滋賀県の安土城跡に行くなら、その前に…
滋賀県の安土城跡に行くなら、その前に…

 戦国時代の武将・織田信長の子孫である織田家18代当主の織田信孝(のぶたか)さんは、スター化された信長よりも実像を知って欲しいという。

*  *  *

 安土城跡に行くなら、その前に、JR琵琶湖線を挟んで反対側にある滋賀県立安土城考古博物館へ行くことをすすめたい。ここの展示を見て、発掘前の状態や、関連する知識を得てから見ると、一層興味深く見ることができる。

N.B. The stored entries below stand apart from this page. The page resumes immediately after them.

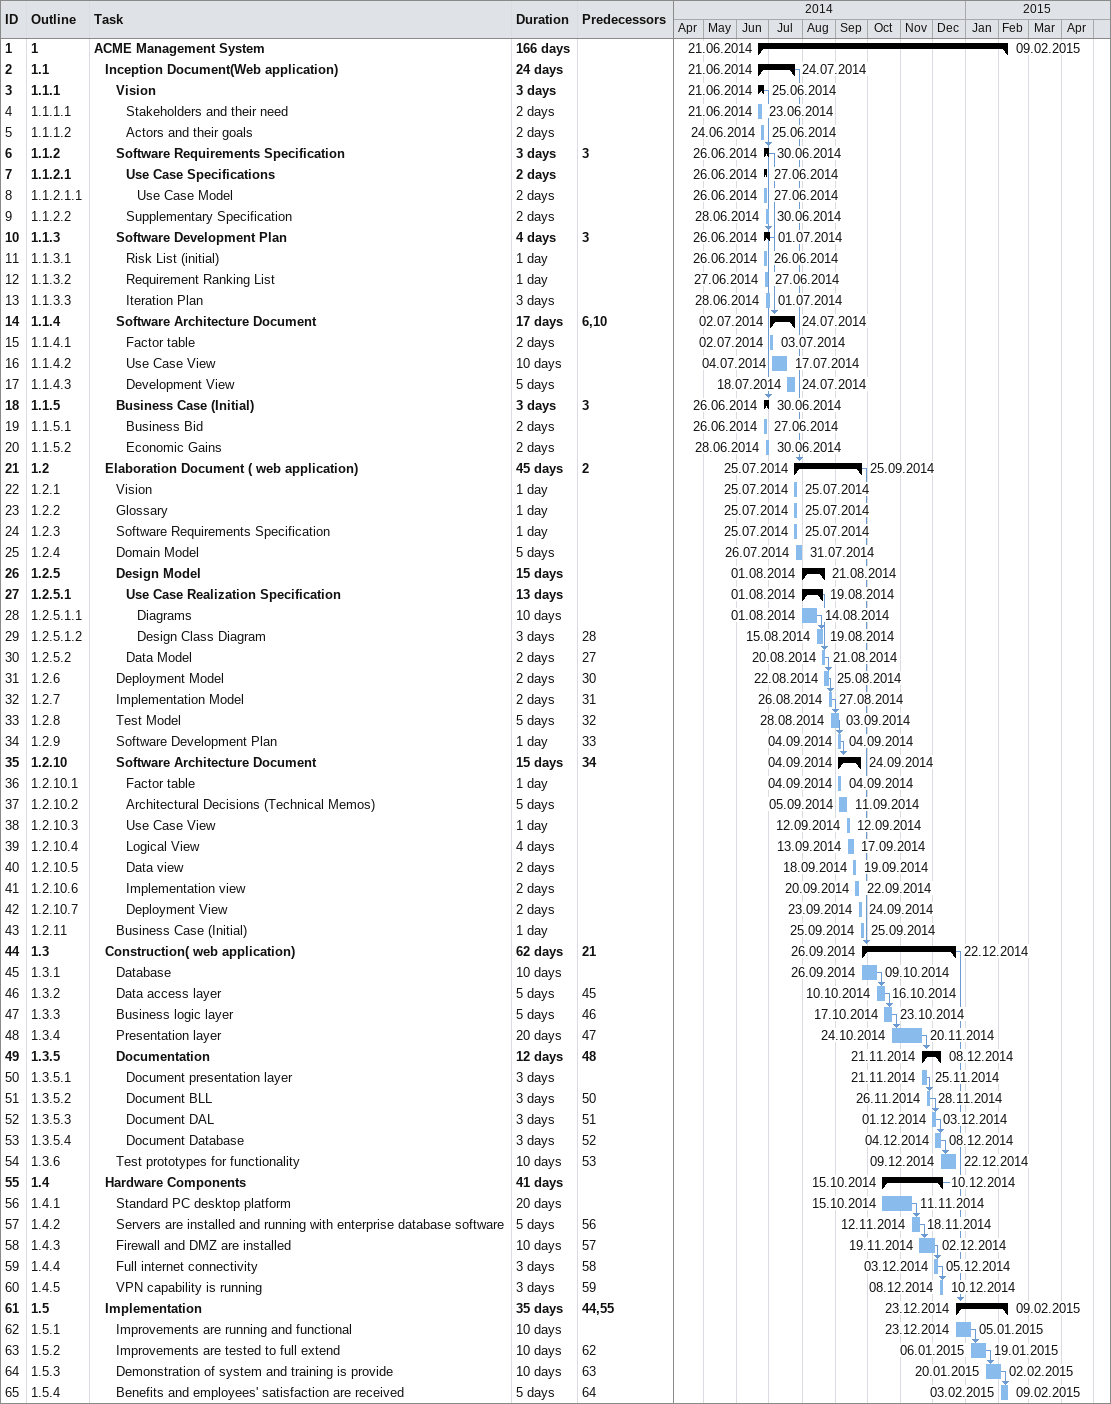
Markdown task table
| ID | WBS | Task | Duration | Start | Finish | Predecessors |
|---|---|---|---|---|---|---|
| 1 | 1 | **ACME Management System** | 166d | 2014-06-21 | 2015-02-09 |  |
| 2 | 1.1 | **Inception Document(Web application)** | 24d | 2014-06-21 | 2014-07-24 |  |
| 3 | 1.1.1 | **Vision** | 3d | 2014-06-21 | 2014-06-25 |  |
| 4 | 1.1.1.1 | Stakeholders and their need | 2d | 2014-06-21 | 2014-06-23 |  |
| 5 | 1.1.1.2 | Actors and their goals | 2d | 2014-06-24 | 2014-06-25 |  |
| 6 | 1.1.2 | **Software Requirements Specification** | 3d | 2014-06-26 | 2014-06-30 | 3 |
| 7 | 1.1.2.1 | **Use Case Specifications** | 2d | 2014-06-26 | 2014-06-27 |  |
| 8 | 1.1.2.1.1 | Use Case Model | 2d | 2014-06-26 | 2014-06-27 |  |
| 9 | 1.1.2.2 | Supplementary Specification | 2d | 2014-06-28 | 2014-06-30 |  |
| 10 | 1.1.3 | **Software Development Plan** | 4d | 2014-06-26 | 2014-07-01 | 3 |
| 11 | 1.1.3.1 | Risk List (initial) | 1d | 2014-06-26 | 2014-06-26 |  |
| 12 | 1.1.3.2 | Requirement Ranking List | 1d | 2014-06-27 | 2014-06-27 |  |
| 13 | 1.1.3.3 | Iteration Plan | 3d | 2014-06-28 | 2014-07-01 |  |
| 14 | 1.1.4 | **Software Architecture Document** | 17d | 2014-07-02 | 2014-07-24 | 6, 10 |
| 15 | 1.1.4.1 | Factor table | 2d | 2014-07-02 | 2014-07-03 |  |
| 16 | 1.1.4.2 | Use Case View | 10d | 2014-07-04 | 2014-07-17 |  |
| 17 | 1.1.4.3 | Development View | 5d | 2014-07-18 | 2014-07-24 |  |
| 18 | 1.1.5 | **Business Case (Initial)** | 3d | 2014-06-26 | 2014-06-30 | 3 |
| 19 | 1.1.5.1 | Business Bid | 2d | 2014-06-26 | 2014-06-27 |  |
| 20 | 1.1.5.2 | Economic Gains | 2d | 2014-06-28 | 2014-06-30 |  |
| 21 | 1.2 | **Elaboration Document ( web application)** | 45d | 2014-07-25 | 2014-09-25 | 2 |
| 22 | 1.2.1 | Vision | 1d | 2014-07-25 | 2014-07-25 |  |
| 23 | 1.2.2 | Glossary | 1d | 2014-07-25 | 2014-07-25 |  |
| 24 | 1.2.3 | Software Requirements Specification | 1d | 2014-07-25 | 2014-07-25 |  |
| 25 | 1.2.4 | Domain Model | 5d | 2014-07-26 | 2014-07-31 |  |
| 26 | 1.2.5 | **Design Model** | 15d | 2014-08-01 | 2014-08-21 |  |
| 27 | 1.2.5.1 | **Use Case Realization Specification** | 13d | 2014-08-01 | 2014-08-19 |  |
| 28 | 1.2.5.1.1 | Diagrams | 10d | 2014-08-01 | 2014-08-14 |  |
| 29 | 1.2.5.1.2 | Design Class Diagram | 3d | 2014-08-15 | 2014-08-19 | 28 |
| 30 | 1.2.5.2 | Data Model | 2d | 2014-08-20 | 2014-08-21 | 27 |
| 31 | 1.2.6 | Deployment Model | 2d | 2014-08-22 | 2014-08-25 | 30 |
| 32 | 1.2.7 | Implementation Model | 2d | 2014-08-26 | 2014-08-27 | 31 |
| 33 | 1.2.8 | Test Model | 5d | 2014-08-28 | 2014-09-03 | 32 |
| 34 | 1.2.9 | Software Development Plan | 1d | 2014-09-04 | 2014-09-04 | 33 |
| 35 | 1.2.10 | **Software Architecture Document** | 15d | 2014-09-04 | 2014-09-24 | 34 |
| 36 | 1.2.10.1 | Factor table | 1d | 2014-09-04 | 2014-09-04 |  |
| 37 | 1.2.10.2 | Architectural Decisions (Technical Memos) | 5d | 2014-09-05 | 2014-09-11 |  |
| 38 | 1.2.10.3 | Use Case View | 1d | 2014-09-12 | 2014-09-12 |  |
| 39 | 1.2.10.4 | Logical View | 4d | 2014-09-13 | 2014-09-17 |  |
| 40 | 1.2.10.5 | Data view | 2d | 2014-09-18 | 2014-09-19 |  |
| 41 | 1.2.10.6 | Implementation view | 2d | 2014-09-20 | 2014-09-22 |  |
| 42 | 1.2.10.7 | Deployment View | 2d | 2014-09-23 | 2014-09-24 |  |
| 43 | 1.2.11 | Business Case (Initial) | 1d | 2014-09-25 | 2014-09-25 |  |
| 44 | 1.3 | **Construction( web application)** | 62d | 2014-09-26 | 2014-12-22 | 21 |
| 45 | 1.3.1 | Database | 10d | 2014-09-26 | 2014-10-09 |  |
| 46 | 1.3.2 | Data access layer | 5d | 2014-10-10 | 2014-10-16 | 45 |
| 47 | 1.3.3 | Business logic layer | 5d | 2014-10-17 | 2014-10-23 | 46 |
| 48 | 1.3.4 | Presentation layer | 20d | 2014-10-24 | 2014-11-20 | 47 |
| 49 | 1.3.5 | **Documentation** | 12d | 2014-11-21 | 2014-12-08 | 48 |
| 50 | 1.3.5.1 | Document presentation layer | 3d | 2014-11-21 | 2014-11-25 |  |
| 51 | 1.3.5.2 | Document BLL | 3d | 2014-11-26 | 2014-11-28 | 50 |
| 52 | 1.3.5.3 | Document DAL | 3d | 2014-12-01 | 2014-12-03 | 51 |
| 53 | 1.3.5.4 | Document Database | 3d | 2014-12-04 | 2014-12-08 | 52 |
| 54 | 1.3.6 | Test prototypes for functionality | 10d | 2014-12-09 | 2014-12-22 | 53 |
| 55 | 1.4 | **Hardware Components** | 41d | 2014-10-15 | 2014-12-10 |  |
| 56 | 1.4.1 | Standard PC desktop platform | 20d | 2014-10-15 | 2014-11-11 |  |
| 57 | 1.4.2 | Servers are installed and running with enterprise database software | 5d | 2014-11-12 | 2014-11-18 | 56 |
| 58 | 1.4.3 | Firewall and DMZ are installed | 10d | 2014-11-19 | 2014-12-02 | 57 |
| 59 | 1.4.4 | Full internet connectivity | 3d | 2014-12-03 | 2014-12-05 | 58 |
| 60 | 1.4.5 | VPN capability is running | 3d | 2014-12-08 | 2014-12-10 | 59 |
| 61 | 1.5 | **Implementation** | 35d | 2014-12-23 | 2015-02-09 | 44, 55 |
| 62 | 1.5.1 | Improvements are running and functional | 10d | 2014-12-23 | 2015-01-05 |  |
| 63 | 1.5.2 | Improvements are tested to full extend | 10d | 2015-01-06 | 2015-01-19 | 62 |
| 64 | 1.5.3 | Demonstration of system and training is provide | 10d | 2015-01-20 | 2015-02-02 | 63 |
| 65 | 1.5.4 | Benefits and employees' satisfaction are received | 5d | 2015-02-03 | 2015-02-09 | 64 |

 私はこの博物館の学芸員の高木叙子(のぶこ)さんとは随分前に知り合い、歴史に関して教えていただくことも多い。そのおかげもあって最近は、歴史学での信長への評価が変化していることを感じる。

 例えば、信長は中世を破壊し、近世を打ち立てた人というのが定説だったが、最近では、中世の枠組みの中で果敢に行動した人という説が出ている。また「天下布武」の「天下」は全国ではなく、京都を中核とした近畿圏を指したのではないかという指摘もある。信長は合理主義者だったが、決して無神論者ではなく、必要に応じて宗教施設を保護したこともわかっている。個別の出来事では、長篠の戦いでの鉄砲三段撃ちには以前から疑問が呈されているし、比叡山の焼き討ちもこれまで言われてきたほど大規模なものではなかった、とかいろいろある。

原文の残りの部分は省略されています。